If PSNR2 < PSNR1, then it is assumed that modelling effect is bad；Remember ERR=PSNR1-PSNR2；If ERR < 5, then think to instruct Practice hyper parameter and problematic, return step 4, the hyper parameter of regularized learning algorithm rate, then re -training parameter model are set；If ERR >= 5, then it is assumed that problem, return step 3 make data set include more scenes to the partition strategy of data set by EDS extended data set again, It is trained and verifies after repartitioning training set and test set；

If two image difference are larger, PSNR value exceeds minimum predetermined threshold value, then adjusting training collection, test set；

If two image difference are smaller, PSNR value is between best preset threshold and minimum predetermined threshold value, then return step 4 Adjust the parameter of super-resolution convolutional neural networks, re -training parameter model.

Described is implemented as follows using parameter model reconstruction image:

1. the low-resolution image of input, which is gone to YCbCr color space, takes grayscale image, as the defeated of image reconstruction operation Enter i.Down-sampling is carried out to image i, the step-length of down-sampling is set as k, obtains the image of low dimensional；

2. the image of pair low dimensional uses bicubic interpolation, target sizes are amplified to, that is, the low resolution figure inputted As size；

3. reading the parameter in parameter model, weight and biasing including each network node.Pass through three-layer coil product network Nonlinear Mapping is done to the image after interpolation, it is after obtained reconstruction as a result, image I；

4. image I is gone back to RGB color figure, the high-definition picture rebuild.

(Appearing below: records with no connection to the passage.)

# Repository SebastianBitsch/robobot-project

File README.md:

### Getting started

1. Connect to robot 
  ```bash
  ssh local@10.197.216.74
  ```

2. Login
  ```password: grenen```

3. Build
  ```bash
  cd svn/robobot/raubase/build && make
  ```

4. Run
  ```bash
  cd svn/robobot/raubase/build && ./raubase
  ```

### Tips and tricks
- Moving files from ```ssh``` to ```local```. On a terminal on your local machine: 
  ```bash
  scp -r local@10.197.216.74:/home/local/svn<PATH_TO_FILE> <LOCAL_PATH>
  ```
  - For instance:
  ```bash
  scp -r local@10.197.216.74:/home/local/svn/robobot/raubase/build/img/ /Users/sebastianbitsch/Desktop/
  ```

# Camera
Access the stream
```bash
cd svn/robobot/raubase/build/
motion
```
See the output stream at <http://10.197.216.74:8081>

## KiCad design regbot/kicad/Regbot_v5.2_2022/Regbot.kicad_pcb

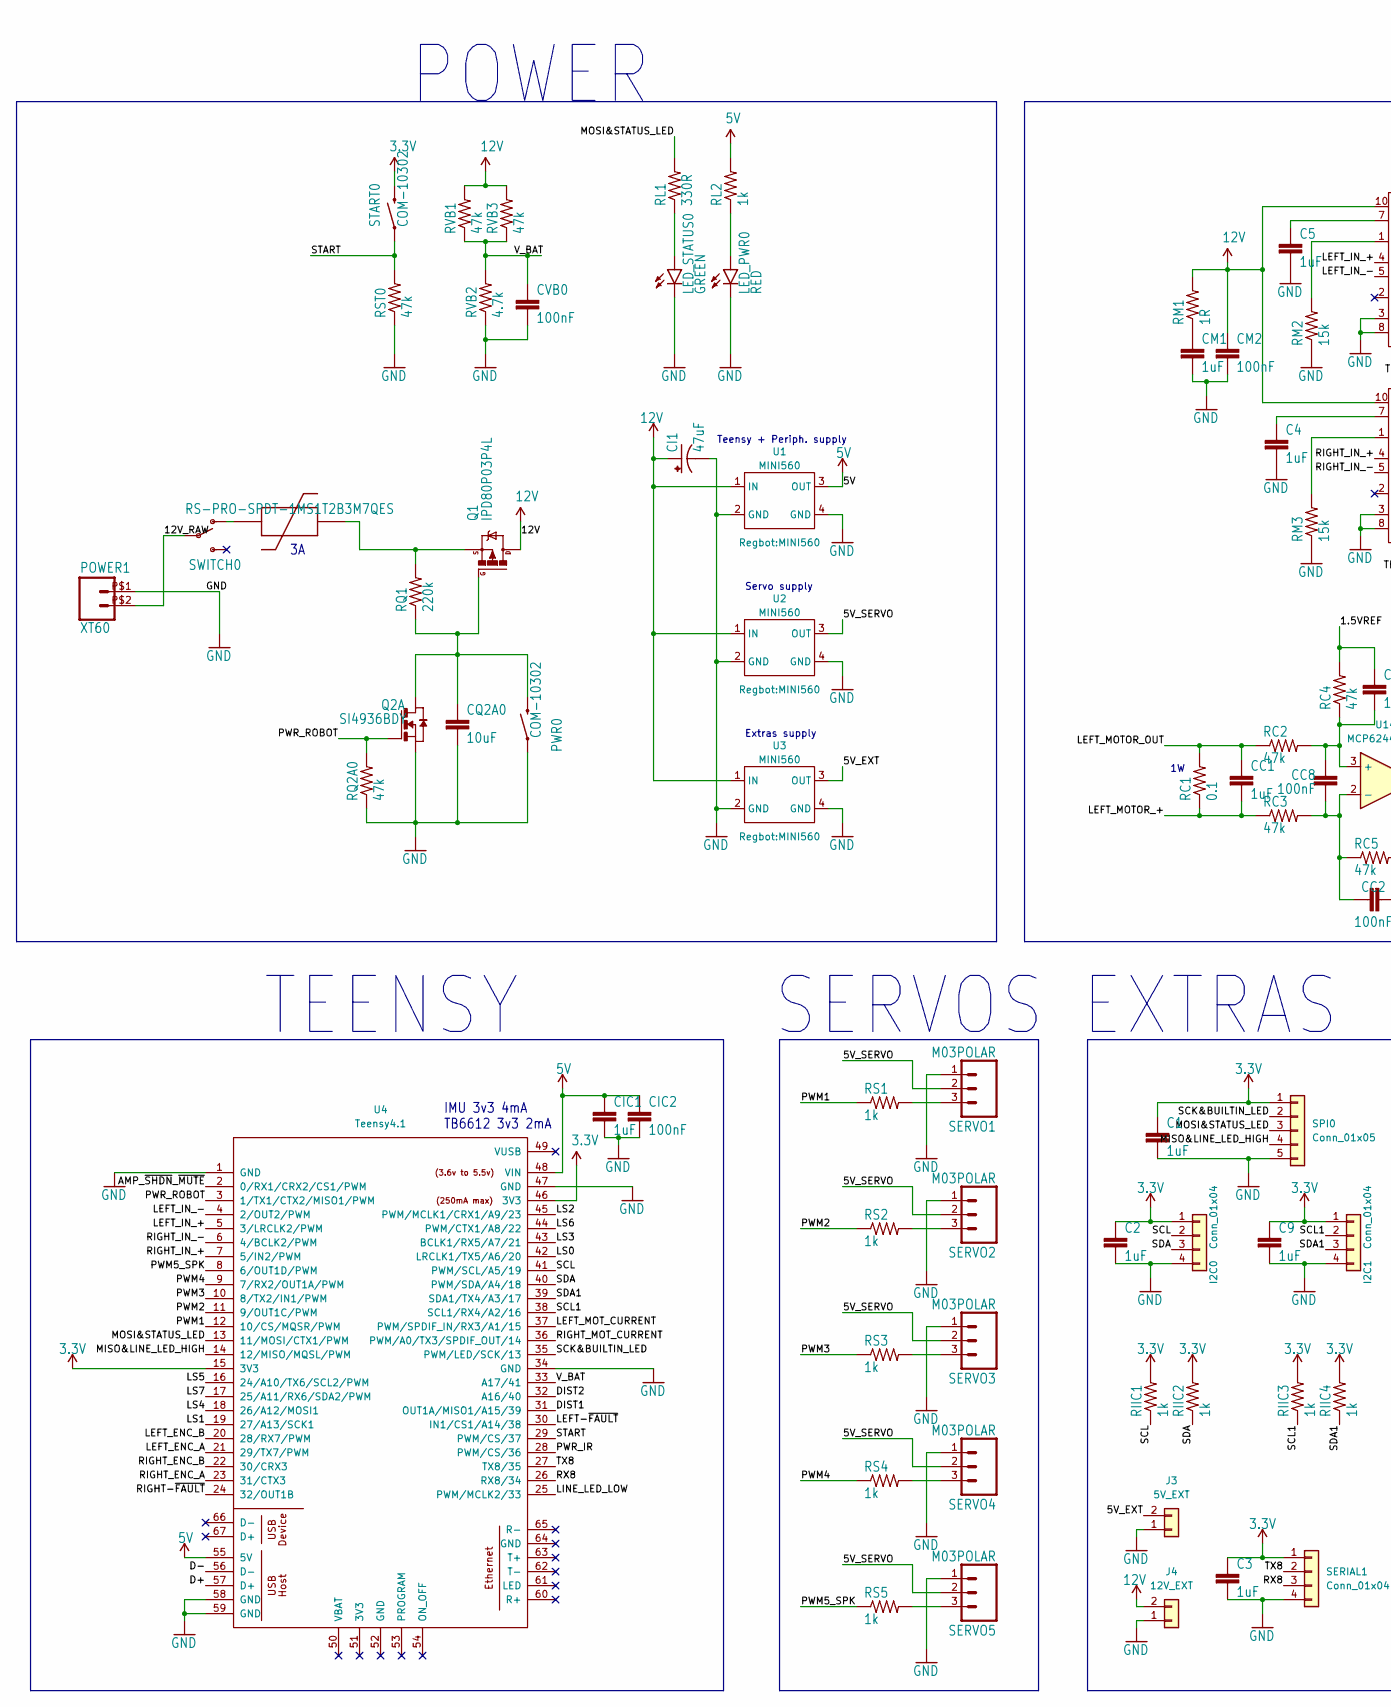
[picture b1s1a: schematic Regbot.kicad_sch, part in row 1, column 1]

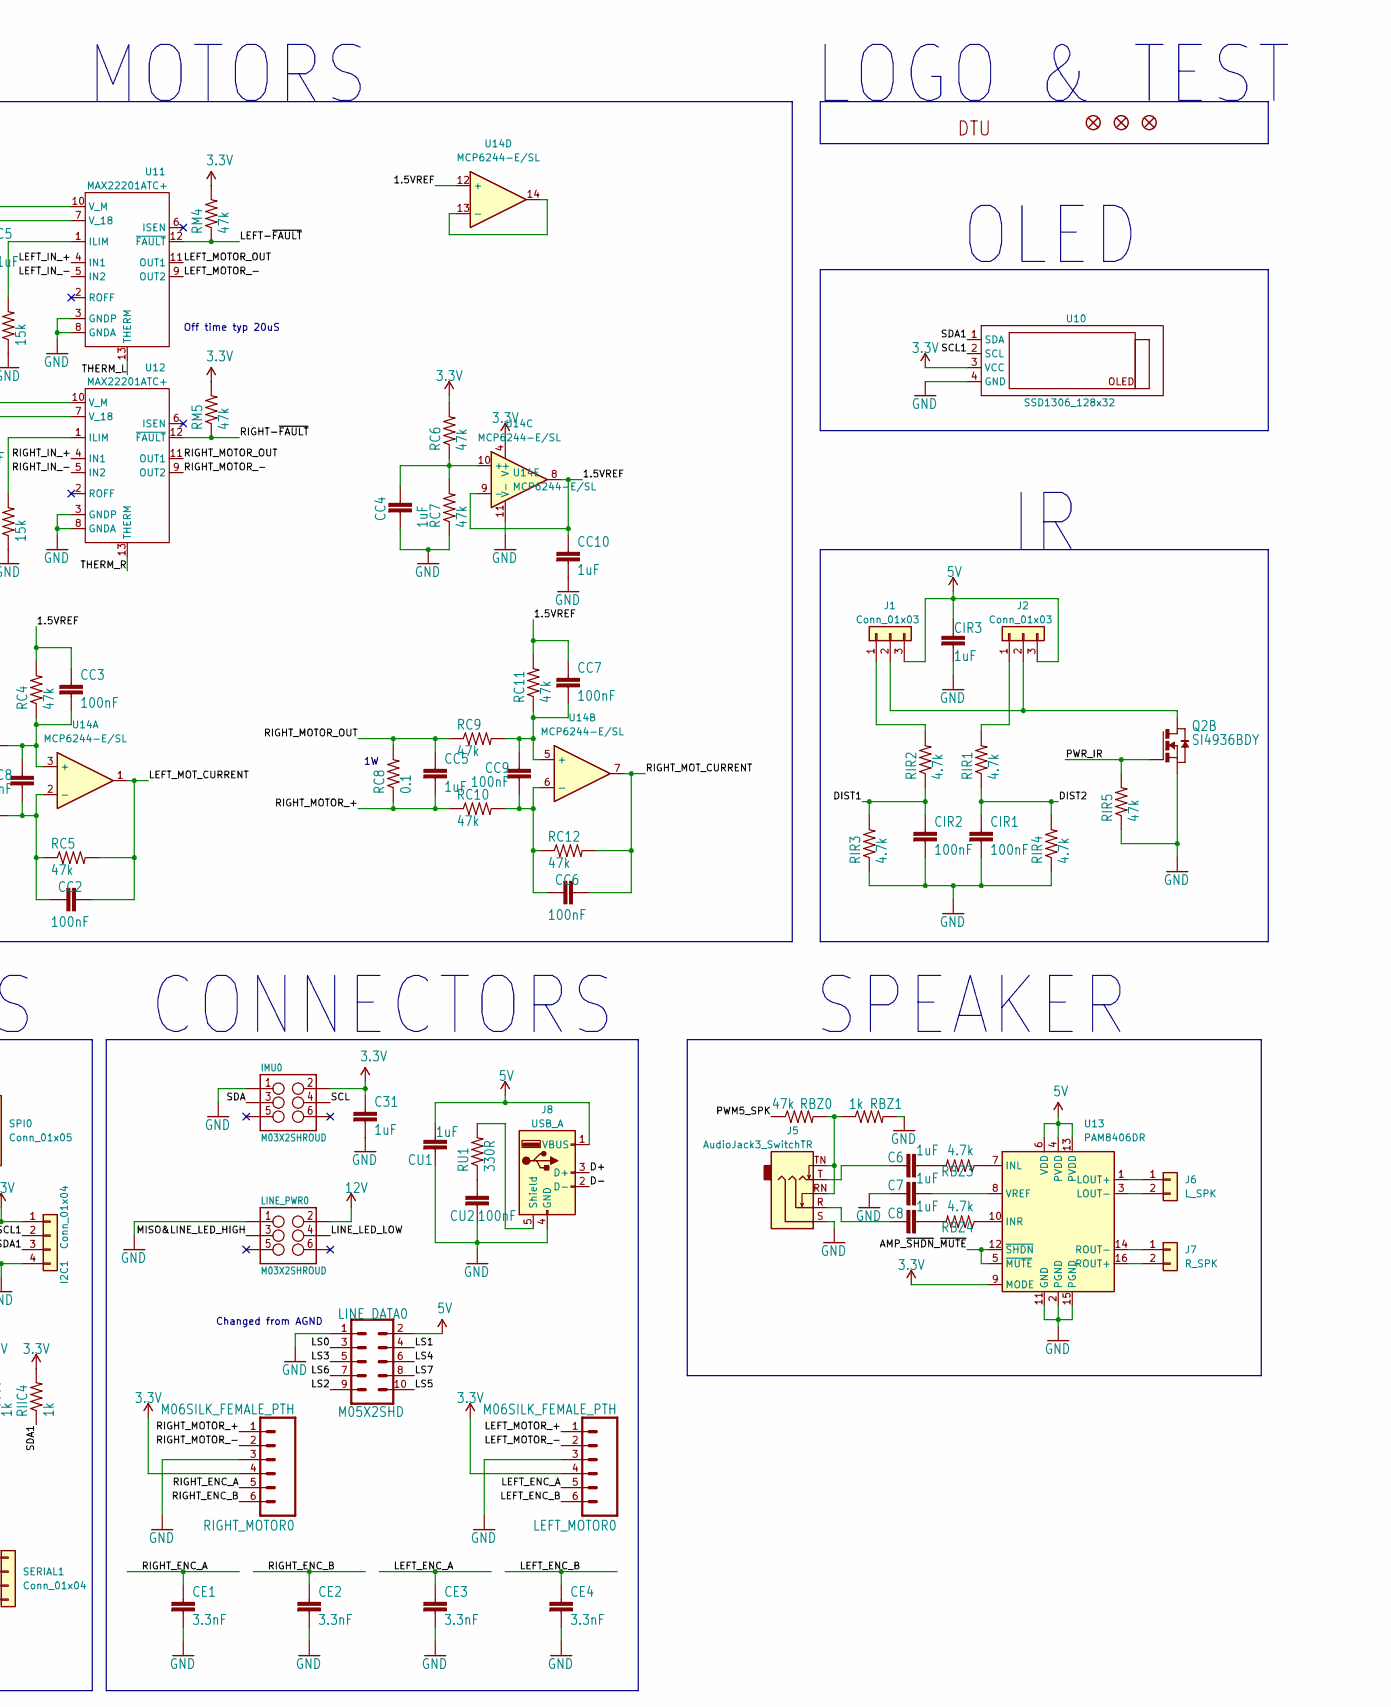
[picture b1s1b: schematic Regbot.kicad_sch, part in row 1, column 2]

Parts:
C1, C2, C3, C4, C5, C6, C7, C8, C9, C31: 1uF; 0805
CC1, CC4, CC5, CC10: 1uF; 0805
CC2, CC3, CC6, CC7, CC8, CC9: 100nF; 0805
CE1, CE2, CE3, CE4: 3.3nF; 0805
CI1: 47uF; PANASONIC_D_XL
CIC1: 1uF; 0805
CIC2: 100nF; 0805
CIR1, CIR2: 100nF; 0805
CIR3: 1uF; 0805
CM1: 1uF; 0805
CM2: 100nF; 0805
CQ2A0: 10uF; 1210
CU1: 1uF; 0805
CU2: 100nF; 0805
CVB0: 100nF; 0805
FD1, FD2, FD3: FIDUCIAL1X2; FIDUCIAL-1X2
I2C0, I2C1: Conn_01x04; JST_PH_B4B-PH-K_1x04_P2.00mm_Vertical
IMU0: 2X3-SHROUDED
J1, J2: Conn_01x03; JST_PH_B3B-PH-K_1x03_P2.00mm_Vertical
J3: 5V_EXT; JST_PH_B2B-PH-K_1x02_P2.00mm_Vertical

The present invention has the beneficial effect that:

The novelty of the present invention is deep learning to be applied to the inter-prediction of Video coding, convolutional Neural net is used Network carries out feature extraction to estimation, the operation of motion compensation image sequence and training learns.Meanwhile using super-resolution Rate neural network, in image reconstruction, the image quality of image can be enhanced.

Detailed description of the invention

Fig. 1 is the schematic diagram of super-resolution convolutional neural networks SRCNN；

Fig. 2 is the flow chart that the present invention is implemented.

Specific embodiment

Present invention is generally directed to the inter-frame prediction methods in Video coding to carry out algorithm innovation, the training for entire model Process is described in detail, and below in conjunction with attached drawing, elaborates specific implementation step of the invention, the purpose of the present invention and Effect will be apparent.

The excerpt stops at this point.